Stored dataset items
Start of Block

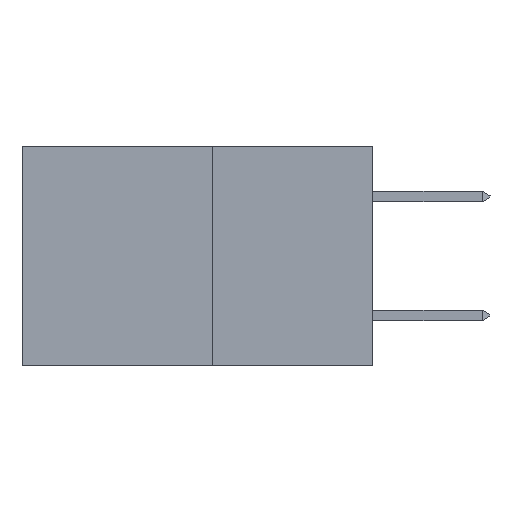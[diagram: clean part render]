
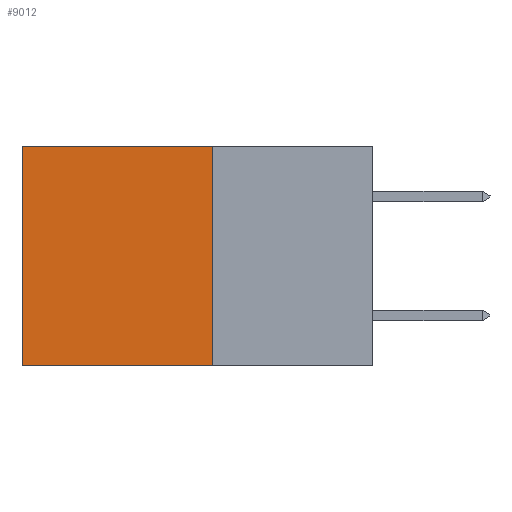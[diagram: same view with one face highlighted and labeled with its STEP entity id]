
A CAD part, left-side view. The second image highlights one B-rep face of the part: STEP entity #9012.
In plain terms, the highlighted planar face has unit normal (-1, 0, 0).
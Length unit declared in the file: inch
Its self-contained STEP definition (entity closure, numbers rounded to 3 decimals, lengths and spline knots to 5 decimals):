
#274 = VECTOR ( 'NONE', #7711, 39.37008 ) ;
#543 = DIRECTION ( 'NONE',  ( 0., 0., -1. ) ) ;
#1467 = EDGE_CURVE ( 'NONE', #7746, #7793, #3886, .T. ) ;
#1798 = DIRECTION ( 'NONE',  ( 0., 0., -1. ) ) ;
#1893 = VECTOR ( 'NONE', #1798, 39.37008 ) ;
#2002 = VERTEX_POINT ( 'NONE', #9443 ) ;
#2083 = LINE ( 'NONE', #7739, #274 ) ;
#2440 = VECTOR ( 'NONE', #4793, 39.37008 ) ;
#2606 = DIRECTION ( 'NONE',  ( 0., 1., 0. ) ) ;
#2838 = ORIENTED_EDGE ( 'NONE', *, *, #5320, .T. ) ;
#2875 = AXIS2_PLACEMENT_3D ( 'NONE', #7217, #5060, #543 ) ;
#2895 = LINE ( 'NONE', #4982, #2440 ) ;
#3328 = LINE ( 'NONE', #8461, #5324 ) ;
#3886 = LINE ( 'NONE', #5793, #1893 ) ;
#4320 = PLANE ( 'NONE',  #2875 ) ;
#4557 = CARTESIAN_POINT ( 'NONE',  ( 0.277, 0.59, 0. ) ) ;
#4604 = ORIENTED_EDGE ( 'NONE', *, *, #7980, .F. ) ;
#4667 = EDGE_LOOP ( 'NONE', ( #6126, #4604, #8216, #2838 ) ) ;
#4793 = DIRECTION ( 'NONE',  ( 0., 1., 0. ) ) ;
#4982 = CARTESIAN_POINT ( 'NONE',  ( 0.277, 0.27, 0. ) ) ;
#5060 = DIRECTION ( 'NONE',  ( 1., 0., 0. ) ) ;
#5108 = EDGE_CURVE ( 'NONE', #2002, #7209, #2083, .T. ) ;
#5320 = EDGE_CURVE ( 'NONE', #2002, #7746, #2895, .T. ) ;
#5324 = VECTOR ( 'NONE', #2606, 39.37008 ) ;
#5632 = FACE_OUTER_BOUND ( 'NONE', #4667, .T. ) ;
#5793 = CARTESIAN_POINT ( 'NONE',  ( 0.277, 0.59, -0.37 ) ) ;
#6126 = ORIENTED_EDGE ( 'NONE', *, *, #1467, .T. ) ;
#6830 = CARTESIAN_POINT ( 'NONE',  ( 0.277, 0.59, -0.37 ) ) ;
#7209 = VERTEX_POINT ( 'NONE', #7430 ) ;
#7217 = CARTESIAN_POINT ( 'NONE',  ( 0.277, 0.27, -0.37 ) ) ;
#7430 = CARTESIAN_POINT ( 'NONE',  ( 0.277, 0.27, -0.37 ) ) ;
#7711 = DIRECTION ( 'NONE',  ( 0., 0., -1. ) ) ;
#7739 = CARTESIAN_POINT ( 'NONE',  ( 0.277, 0.27, -0.37 ) ) ;
#7746 = VERTEX_POINT ( 'NONE', #4557 ) ;
#7793 = VERTEX_POINT ( 'NONE', #6830 ) ;
#7980 = EDGE_CURVE ( 'NONE', #7209, #7793, #3328, .T. ) ;
#8216 = ORIENTED_EDGE ( 'NONE', *, *, #5108, .F. ) ;
#8461 = CARTESIAN_POINT ( 'NONE',  ( 0.277, 0.27, -0.37 ) ) ;
#9012 = ADVANCED_FACE ( 'NONE', ( #5632 ), #4320, .F. ) ;
#9443 = CARTESIAN_POINT ( 'NONE',  ( 0.277, 0.27, 0. ) ) ;

End of Block

In the data above, start at the line that has "A CAD part, left-side", stop after the line that has "#274 = VECTOR ( 'NONE', #7711, 39.37008 ) ;", and print every line in between exactly as it stands.

A CAD part, left-side view. The second image highlights one B-rep face of the part: STEP entity #9012.
In plain terms, the highlighted planar face has unit normal (-1, 0, 0).
Length unit declared in the file: inch
Its self-contained STEP definition (entity closure, numbers rounded to 3 decimals, lengths and spline knots to 5 decimals):
#274 = VECTOR ( 'NONE', #7711, 39.37008 ) ;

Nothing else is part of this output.